12 arrested for housing scam in Mercer County

A dozen people are facing serious charges for allegedly pulling off an elaborate housing scheme in South Jersey.

Saturday, April 7, 2018
12 arrested for housing scam in Mercer County
12 arrested for housing scam in Mercer County. Jeff Chirico reports during Action News at 5 p.m. on April 6, 2018.

TRENTON, N.J. (WPVI) -- A dozen people are facing serious charges for allegedly pulling off an elaborate housing scheme in South Jersey.

Prosecutors say Barbara Brooks of Trenton was the ringleader of an elaborate countywide housing scheme.

The 48-year-old was among a dozen charged Friday by the Mercer County prosecutor for unlawfully occupying vacant and foreclosed homes.

Mercer County Prosecutor Angelo Onofri said, "They would then break-in to those homes, change the locks, then they would rent the properties.

According to Prosecutor Angelo Onofri, Brooks located the target houses online and drew up fraudulent leases. She allegedly enlisted Michael Wilmore, a Trenton Water Works employee to turn on water service to properties. And she trained so-called tenants how to get away with it.

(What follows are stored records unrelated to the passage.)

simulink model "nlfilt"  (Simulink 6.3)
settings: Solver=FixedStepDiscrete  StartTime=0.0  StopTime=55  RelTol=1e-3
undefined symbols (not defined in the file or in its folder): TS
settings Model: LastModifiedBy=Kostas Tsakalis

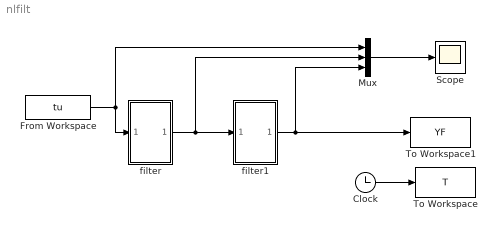
== system nlfilt ==
  Clock : Clock
      settings: Decimation=10
  From Workspace : FromWorkspace  VariableName=tu  SampleTime=0
  Mux : Mux  Inputs=3
  Scope : Scope
      settings: TimeRange=60  YMin=-200  YMax=400
  To Workspace : ToWorkspace  VariableName=T  SampleTime=-1  SaveFormat=Array
  To Workspace1 : ToWorkspace  VariableName=YF  SampleTime=-1  SaveFormat=Array
  filter : Subsystem  mask{emin=.5, emax=5, p=8, TS=TS}
      mask prompts: emin "error level to reject"; emax "error level to accept"; p "nonlin. power"; TS "sampling time"
  filter1 : Subsystem  mask{emin=.5, emax=5, p=8, TS=TS}
      mask prompts: emin "error level to reject"; emax "error level to accept"; p "nonlin. power"; TS "sampling time"
  wires:
  Clock/1 -> To Workspace/1
  From Workspace/1 -> filter/1(var), Mux/1
  filter/1(upd) -> filter1/1(var), Mux/2
  Mux/1 -> Scope/1
  filter1/1(upd) -> To Workspace1/1, Mux/3

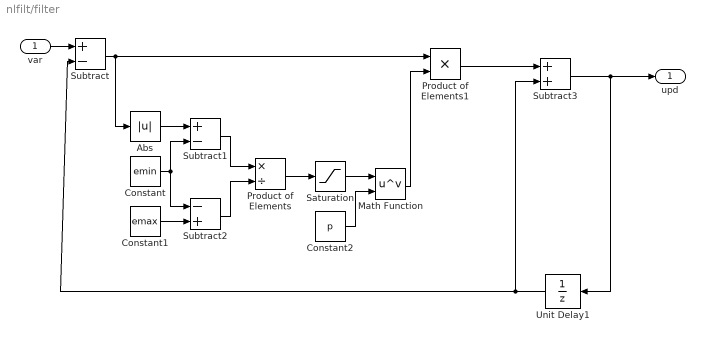
== system nlfilt/filter ==
  var : Inport
  Abs : Abs
  Constant : Constant  Value=emin
  Constant1 : Constant  Value=emax
  Constant2 : Constant  Value=p
  Math Function : Math  Operator=pow  SaturateOnIntegerOverflow=on
  Product of Elements : Product  Inputs=*/  OutScaling=2^-10
  Product of Elements1 : Product  OutScaling=2^-10
  Saturation : Saturate  UpperLimit=1  LowerLimit=0
  Subtract : Sum  Inputs=+-  OutScaling=2^-10
  Subtract1 : Sum  Inputs=+-  OutScaling=2^-10
  Subtract2 : Sum  Inputs=-+  OutScaling=2^-10
  Subtract3 : Sum  Inputs=2  OutScaling=2^-10
  Unit Delay1 : UnitDelay  Orientation=left  SampleTime=TS
  upd : Outport
  wires:
  Subtract/1 -> Abs/1, Product of Elements1/1
  Abs/1 -> Subtract1/1
  Constant/1 -> Subtract1/2, Subtract2/1
  Constant1/1 -> Subtract2/2
  Subtract2/1 -> Product of Elements/2
  Subtract1/1 -> Product of Elements/1
  Product of Elements/1 -> Saturation/1
  Saturation/1 -> Math Function/1
  Constant2/1 -> Math Function/2
  var/1 -> Subtract/1
  Math Function/1 -> Product of Elements1/2
  Product of Elements1/1 -> Subtract3/1
  Subtract3/1 -> upd/1, Unit Delay1/1
  Unit Delay1/1 -> Subtract3/2, Subtract/2

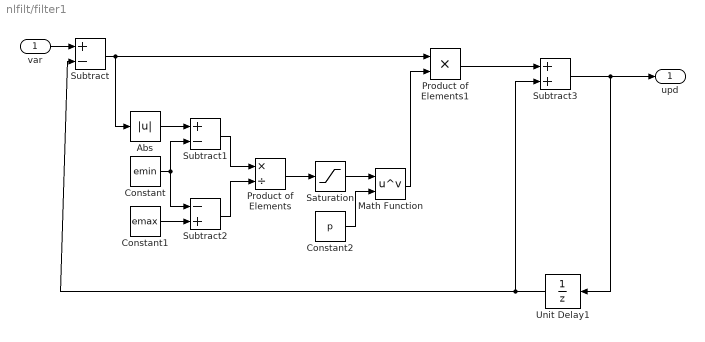
== system nlfilt/filter1 ==
  var : Inport
  Abs : Abs
  Constant : Constant  Value=emin
  Constant1 : Constant  Value=emax
  Constant2 : Constant  Value=p
  Math Function : Math  Operator=pow  SaturateOnIntegerOverflow=on
  Product of Elements : Product  Inputs=*/  OutScaling=2^-10
  Product of Elements1 : Product  OutScaling=2^-10
  Saturation : Saturate  UpperLimit=1  LowerLimit=0
  Subtract : Sum  Inputs=+-  OutScaling=2^-10
  Subtract1 : Sum  Inputs=+-  OutScaling=2^-10
  Subtract2 : Sum  Inputs=-+  OutScaling=2^-10
  Subtract3 : Sum  Inputs=2  OutScaling=2^-10
  Unit Delay1 : UnitDelay  Orientation=left  SampleTime=TS
  upd : Outport
  wires:
  Unit Delay1/1 -> Subtract/2, Subtract3/2
  Subtract3/1 -> Unit Delay1/1, upd/1
  Product of Elements1/1 -> Subtract3/1
  Math Function/1 -> Product of Elements1/2
  var/1 -> Subtract/1
  Constant2/1 -> Math Function/2
  Saturation/1 -> Math Function/1
  Product of Elements/1 -> Saturation/1
  Subtract1/1 -> Product of Elements/1
  Subtract2/1 -> Product of Elements/2
  Constant1/1 -> Subtract2/2
  Constant/1 -> Subtract2/1, Subtract1/2
  Abs/1 -> Subtract1/1
  Subtract/1 -> Product of Elements1/1, Abs/1
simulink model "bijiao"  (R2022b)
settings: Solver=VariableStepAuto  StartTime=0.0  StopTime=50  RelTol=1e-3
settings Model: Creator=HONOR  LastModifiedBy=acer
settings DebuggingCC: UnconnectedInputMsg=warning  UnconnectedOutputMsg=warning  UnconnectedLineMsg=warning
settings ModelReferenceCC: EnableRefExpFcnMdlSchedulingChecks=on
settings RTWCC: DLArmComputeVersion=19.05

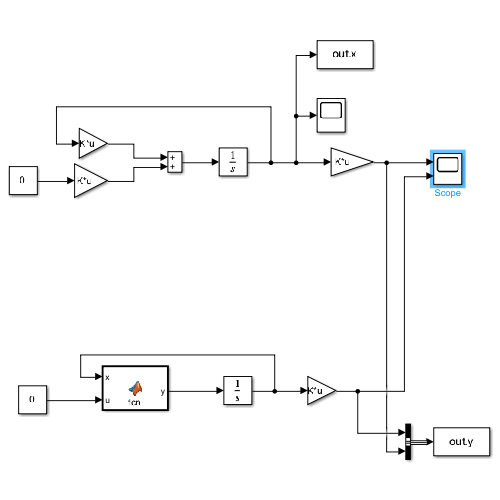
[thumbnail: Simulink's stored preview of the top-level diagram]
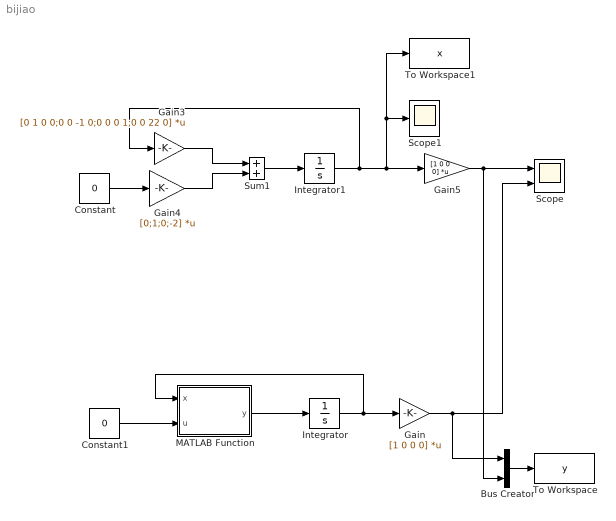
== system bijiao ==
  Bus Creator : BusCreator  Inputs=2
  Constant : Constant  Value=0
  Constant1 : Constant  Value=0
  Gain : Gain  Gain=[1 0 0 0]  Multiplication=Matrix(K*u)
  Gain3 : Gain  Gain=[0 1 0 0;0 0 -1 0;0 0 0 1;0 0 22 0]  Multiplication=Matrix(K*u)
  Gain4 : Gain  Gain=[0;1;0;-2]  Multiplication=Matrix(K*u)
  Gain5 : Gain  Gain=[1 0 0 0]  Multiplication=Matrix(K*u)
  Integrator : Integrator  InitialCondition=[0,0,0.1,0]
  Integrator1 : Integrator  InitialCondition=[0,0,0.1,0]
  MATLAB Function : MATLAB Function  TreatAsAtomicUnit=on
  Scope : Scope  NumInputPorts=2
  Scope1 : Scope
  Sum1 : Sum
  To Workspace : ToWorkspace  VariableName=y  SaveFormat=Structure With Time  SampleTime=-1
  To Workspace1 : ToWorkspace  VariableName=x  SaveFormat=Structure With Time  SampleTime=-1
  wires:
  Constant/1 -> Gain4/1
  Gain5/1 -> Bus Creator/2, Scope/1
  Gain3/1 -> Sum1/1
  Gain4/1 -> Sum1/2
  Sum1/1 -> Integrator1/1
  Integrator1/1 -> Gain5/1, To Workspace1/1, Scope1/1, Gain3/1
  Constant1/1 -> MATLAB Function/2(u)
  MATLAB Function/1(y) -> Integrator/1
  Integrator/1 -> MATLAB Function/1(x), Gain/1
  Gain/1 -> Bus Creator/1, Scope/2
  Bus Creator/1 -> To Workspace/1

== matlab function bijiao/MATLAB Function ==
  data: x input; u input; y output
function y = fcn(x, u)
M=1;
m=0.1;
l=0.5;
g=10;
Dx3=x(4);
Dx4=(u*cos(x(3))-(M+m)*g*sin(x(3))+m*l*sin(x(3))*cos(x(3)*x(4)))/(m*l*cos(x(3))*cos(x(3))-(M+m)*l);
Dx1=x(2);
Dx2=((u+m*l*sin(x(3)*x(4)*x(4))-m*g*cos(x(3))*sin(x(3)))/(M+m-m*cos(x(3))*cos(x(3))));
y=[Dx1;Dx2;Dx3;Dx4];
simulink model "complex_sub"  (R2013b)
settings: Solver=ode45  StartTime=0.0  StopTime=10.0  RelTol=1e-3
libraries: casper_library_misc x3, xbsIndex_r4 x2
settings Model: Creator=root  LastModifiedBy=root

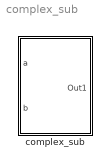
== system complex_sub ==
  complex_sub : Subsystem  mask(complex_sub){a_bitsize=10, b_bitsize=10, latency=0}
      mask init:
      | complex_sub_init(gcb, ...
      |             'a_bitsize', a_bitsize, ...
      |             'b_bitsize', b_bitsize, ...
      |             'latency', latency);
      settings: AttributesFormatString=latency=0

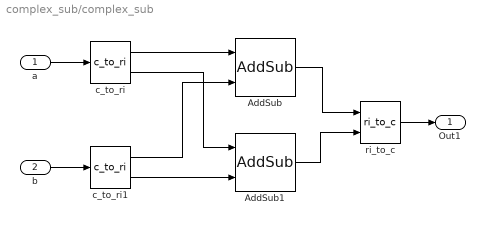
== system complex_sub/complex_sub ==
  "a " : Inport
  b : Inport  Port=2
  AddSub : xbsIndex_r4/AddSub  mode=Subtraction  use_carryin=off  use_carryout=off  en=off  latency=latency  precision=Full  arith_type=Unsigned  n_bits=16  bin_pt=14  quantization=Truncate  overflow=Wrap  dbl_ovrd=off  use_behavioral_HDL=off  hw_selection=Fabric  pipelined=off  block_type=addsub
  AddSub1 : xbsIndex_r4/AddSub  mode=Subtraction  use_carryin=off  use_carryout=off  en=off  latency=latency  precision=Full  arith_type=Unsigned  n_bits=16  bin_pt=14  quantization=Truncate  overflow=Wrap  dbl_ovrd=off  use_behavioral_HDL=off  hw_selection=Fabric  pipelined=off  block_type=addsub
  c_to_ri : casper_library_misc/c_to_ri  n_bits=a_bitsize  bin_pt=a_bitsize-1
      settings: AttributesFormatString=10_9 r/i
  c_to_ri1 : casper_library_misc/c_to_ri  n_bits=b_bitsize  bin_pt=b_bitsize-1
      settings: AttributesFormatString=0_-1 r/i
  ri_to_c : casper_library_misc/ri_to_c
  Out1 : Outport
  wires:
  "a "/1 -> c_to_ri/1
  b/1 -> c_to_ri1/1
  c_to_ri/1 -> AddSub/1
  c_to_ri1/1 -> AddSub/2
  c_to_ri/2 -> AddSub1/1
  c_to_ri1/2 -> AddSub1/2
  AddSub/1 -> ri_to_c/1
  AddSub1/1 -> ri_to_c/2
  ri_to_c/1 -> Out1/1
simulink model "Assembly_Quadrotor"  (R2017a)
settings: Solver=ode45  StartTime=0.0  StopTime=30  RelTol=1e-3  EnableMultiTasking=on
undefined symbols (not defined in the file or in its folder): sigbuilder_block, X, Y, Z
libraries: sm_lib x255, nesl_utility x19, simulink x12, fl_lib x4
(part 7 of 7)

== system Assembly_Quadrotor/Quadrotor 3D Model/Quad/MotorD/DCBL_Assembly_CounterClockwise_4_Top_1_RIGID/Assem4DCBL_Assembly_CounterClockwise_4_Top_1_RIGID/hex_nut_style_1_gradeab_iso_1_RIGID ==
  ReferenceFrame : sm_lib/Frames and Transforms/Reference Frame
  Solid : sm_lib/Body Elements/Solid  InertiaType=Custom  Mass=0.00010662444846940384  MassUnits=kg  CenterOfMass=[0 1.3702747535691162e-06 -1.5985959803450969]  CenterOfMassUnits=mm  MomentsOfInertia=[0.00052487586358693401 0.00052487294180577238 0.00087302244809774987]  MomentsOfInertiaUnits=kg*mm^2  ProductsOfInertia=[0 0 0]  ProductsOfInertiaUnits=kg*mm^2  DensityBased=on  Density=1000  DensityUnits=kg/(m^3)  DoExposeReferenceFrame=on  SerializedFrames=<Frames/>  GraphicType=FromGeometry  MarkerShape=Sphere  MarkerSize=10  MarkerSizeUnits=m  GraphicVisPropType=SimpleVisualProperties  GraphicDiffuseColor=[0.77647058823529413 0.75686274509803919 0.73725490196078436]  GraphicSpecularColor=[0.5 0.5 0.5 1.0]  GraphicAmbientColor=[0.15 0.15 0.15 1.0]  GraphicEmissiveColor=[0.0 0.0 0.0 1.0]  GraphicShininess=75  GraphicOpacity=1  GeometryShape=FromFile  RectangleSize=[1 1]  RectangleSizeUnits=m  BrickDimensions=[1 1 1]  BrickDimensionUnits=m  CylinderRadius=1  CylinderRadiusUnits=m  CylinderLength=1  CylinderLengthUnits=m  SphereRadius=1  SphereRadiusUnits=m  EllipsoidRadii=[1 1 1]  EllipsoidRadiiUnits=m  ExtrusionCrossSection=[1 1; -1 1; -1 -1; 1 -1]  ExtrusionCrossSectionUnits=m  ExtrusionLength=1  ExtrusionLengthUnits=m  PolygonNumSides=3  PolygonOuterRadius=1  PolygonOuterRadiusUnits=m  ExtGeomFileType=STL  ExtGeomFileName=hex nut style 1 gradeab_iso_Hexagon Nut ISO - 4032 - M4 - D - N_sldprt.STL  ExtGeomFileUnits=mm  RevolutionCrossSection=[1 1; 1 -1; 2 -1; 2 1]  RevolutionCrossSectionUnits=m  RevolutionExtent=Full  RevolutionAngle=180  RevolutionAngleUnits=deg
  F : PMIOPort  Port=1  Side=Left
  connections:
  F/RConn1 -- ReferenceFrame/RConn1 -- Solid/RConn1

== system Assembly_Quadrotor/Quadrotor 3D Model/Quad/MotorD/DCBL_Assembly_CounterClockwise_4_Top_1_RIGID/Assem4DCBL_Assembly_CounterClockwise_4_Top_1_RIGID/x10x4_7_counterclockwise_propeller_1_RIGID ==
  ReferenceFrame : sm_lib/Frames and Transforms/Reference Frame
  Solid : sm_lib/Body Elements/Solid  InertiaType=Custom  Mass=0.0086221636611543556  MassUnits=kg  CenterOfMass=[5.0000063702530122 5.136767030722547 3.7999863031218535]  CenterOfMassUnits=mm  MomentsOfInertia=[38.086408780943664 39.145966882895458 1.124519086575168]  MomentsOfInertiaUnits=kg*mm^2  ProductsOfInertia=[-1.7703894482553841e-07 5.5344154529569156 1.457353668708178e-07]  ProductsOfInertiaUnits=kg*mm^2  DensityBased=on  Density=1000  DensityUnits=kg/(m^3)  DoExposeReferenceFrame=on  SerializedFrames=<Frames/>  GraphicType=FromGeometry  MarkerShape=Sphere  MarkerSize=10  MarkerSizeUnits=m  GraphicVisPropType=SimpleVisualProperties  GraphicDiffuseColor=[0.75294117647058822 0.75294117647058822 0.75294117647058822]  GraphicSpecularColor=[0.5 0.5 0.5 1.0]  GraphicAmbientColor=[0.15 0.15 0.15 1.0]  GraphicEmissiveColor=[0.0 0.0 0.0 1.0]  GraphicShininess=75  GraphicOpacity=1  GeometryShape=FromFile  RectangleSize=[1 1]  RectangleSizeUnits=m  BrickDimensions=[1 1 1]  BrickDimensionUnits=m  CylinderRadius=1  CylinderRadiusUnits=m  CylinderLength=1  CylinderLengthUnits=m  SphereRadius=1  SphereRadiusUnits=m  EllipsoidRadii=[1 1 1]  EllipsoidRadiiUnits=m  ExtrusionCrossSection=[1 1; -1 1; -1 -1; 1 -1]  ExtrusionCrossSectionUnits=m  ExtrusionLength=1  ExtrusionLengthUnits=m  PolygonNumSides=3  PolygonOuterRadius=1  PolygonOuterRadiusUnits=m  ExtGeomFileType=STL  ExtGeomFileName=10x4.7-counterclockwise-propeller_Default_sldprt.STL  ExtGeomFileUnits=mm  RevolutionCrossSection=[1 1; 1 -1; 2 -1; 2 1]  RevolutionCrossSectionUnits=m  RevolutionExtent=Full  RevolutionAngle=180  RevolutionAngleUnits=deg
  F : PMIOPort  Port=1  Side=Left
  connections:
  F/RConn1 -- ReferenceFrame/RConn1 -- Solid/RConn1

== matlab function Assembly_Quadrotor/Quadrotor 3D Model/Base and Sensor/ConvertAngle1 ==
  data: AngleDeg input; AngleFix output
function AngleFix = getAngleDeg(AngleDeg)
%#codegen
if AngleDeg > 0
    AngleFix = mod(AngleDeg,360);
else
    AngleFix = -mod(abs(AngleDeg),360);
end

== matlab function Assembly_Quadrotor/Quadrotor 3D Model/Base and Sensor/ConvertAngle2 ==
  data: AngleDeg input; AngleFix output
function AngleFix = getAngleDeg(AngleDeg)
%#codegen
if AngleDeg > 0
    AngleFix = mod(AngleDeg,360);
else
    AngleFix = -mod(abs(AngleDeg),360);
end

== matlab function Assembly_Quadrotor/Quadrotor 3D Model/Quad/MotorA/Thrust ==
  data: revSpeed input; Thrust output; revCnst input
function Thrust = generateThrust(revSpeed, revCnst)
% Always give positive thrust (Point up)
Thrust = revCnst * (revSpeed^2);
if (Thrust > 0)
   Thrust = Thrust * (-1);
end

== matlab function Assembly_Quadrotor/Quadrotor 3D Model/Quad/MotorB/Thrust ==
  data: revSpeed input; Thrust output; revCnst input
function Thrust = generateThrust(revSpeed, revCnst)
% Always give positive thrust (Point up)
Thrust = revCnst * (revSpeed^2);
if (Thrust > 0)
   Thrust = Thrust * (-1);
end

== matlab function Assembly_Quadrotor/Quadrotor 3D Model/Quad/MotorC/Thrust ==
  data: revSpeed input; Thrust output; revCnst input
function Thrust = generateThrust(revSpeed, revCnst)
% Always give positive thrust (Point up)
Thrust = revCnst * (revSpeed^2);
if (Thrust > 0)
   Thrust = Thrust * (-1);
end

== matlab function Assembly_Quadrotor/Quadrotor 3D Model/Quad/MotorD/Thrust ==
  data: revSpeed input; Thrust output; revCnst input
function Thrust = generateThrust(revSpeed, revCnst)
% Always give positive thrust (Point up)
Thrust = revCnst * (revSpeed^2);
if (Thrust > 0)
   Thrust = Thrust * (-1);
end

== matlab function Assembly_Quadrotor/Quadrotor 3D Model/Base and Sensor/ConvertAngle ==
  data: AngleDeg input; AngleFix output
function AngleFix = getAngleDeg(AngleDeg)
%#codegen
if AngleDeg > 0
    AngleFix = mod(AngleDeg,360);
else
    AngleFix = -mod(abs(AngleDeg),360);
end

When police went to homes they knew everything to say as if they'd been coached.

Thirty-two-year-old Latasha Love is accused of living rent-free for months in a home on Sabrina Drive in Ewing.

"I saw the handcuffs go on her," one neighbor said.

Neighbors saw Love arrested a second time as she attempted to move back into the home.

"Terrible. How do you get away with it?" added neighbor Jack Devlin.

Armed with legitimate looking leases, squatters have plagued police departments here for years.

When local agencies combined forces in 2016, investigators began to unravel the sophisticated scheme.

Onofri asks the public to be vigilant in helping them stop future incidents more quickly.

If you're a neighbor and there are people you don't think should be in a house, give the police a call. It doesn't hurt.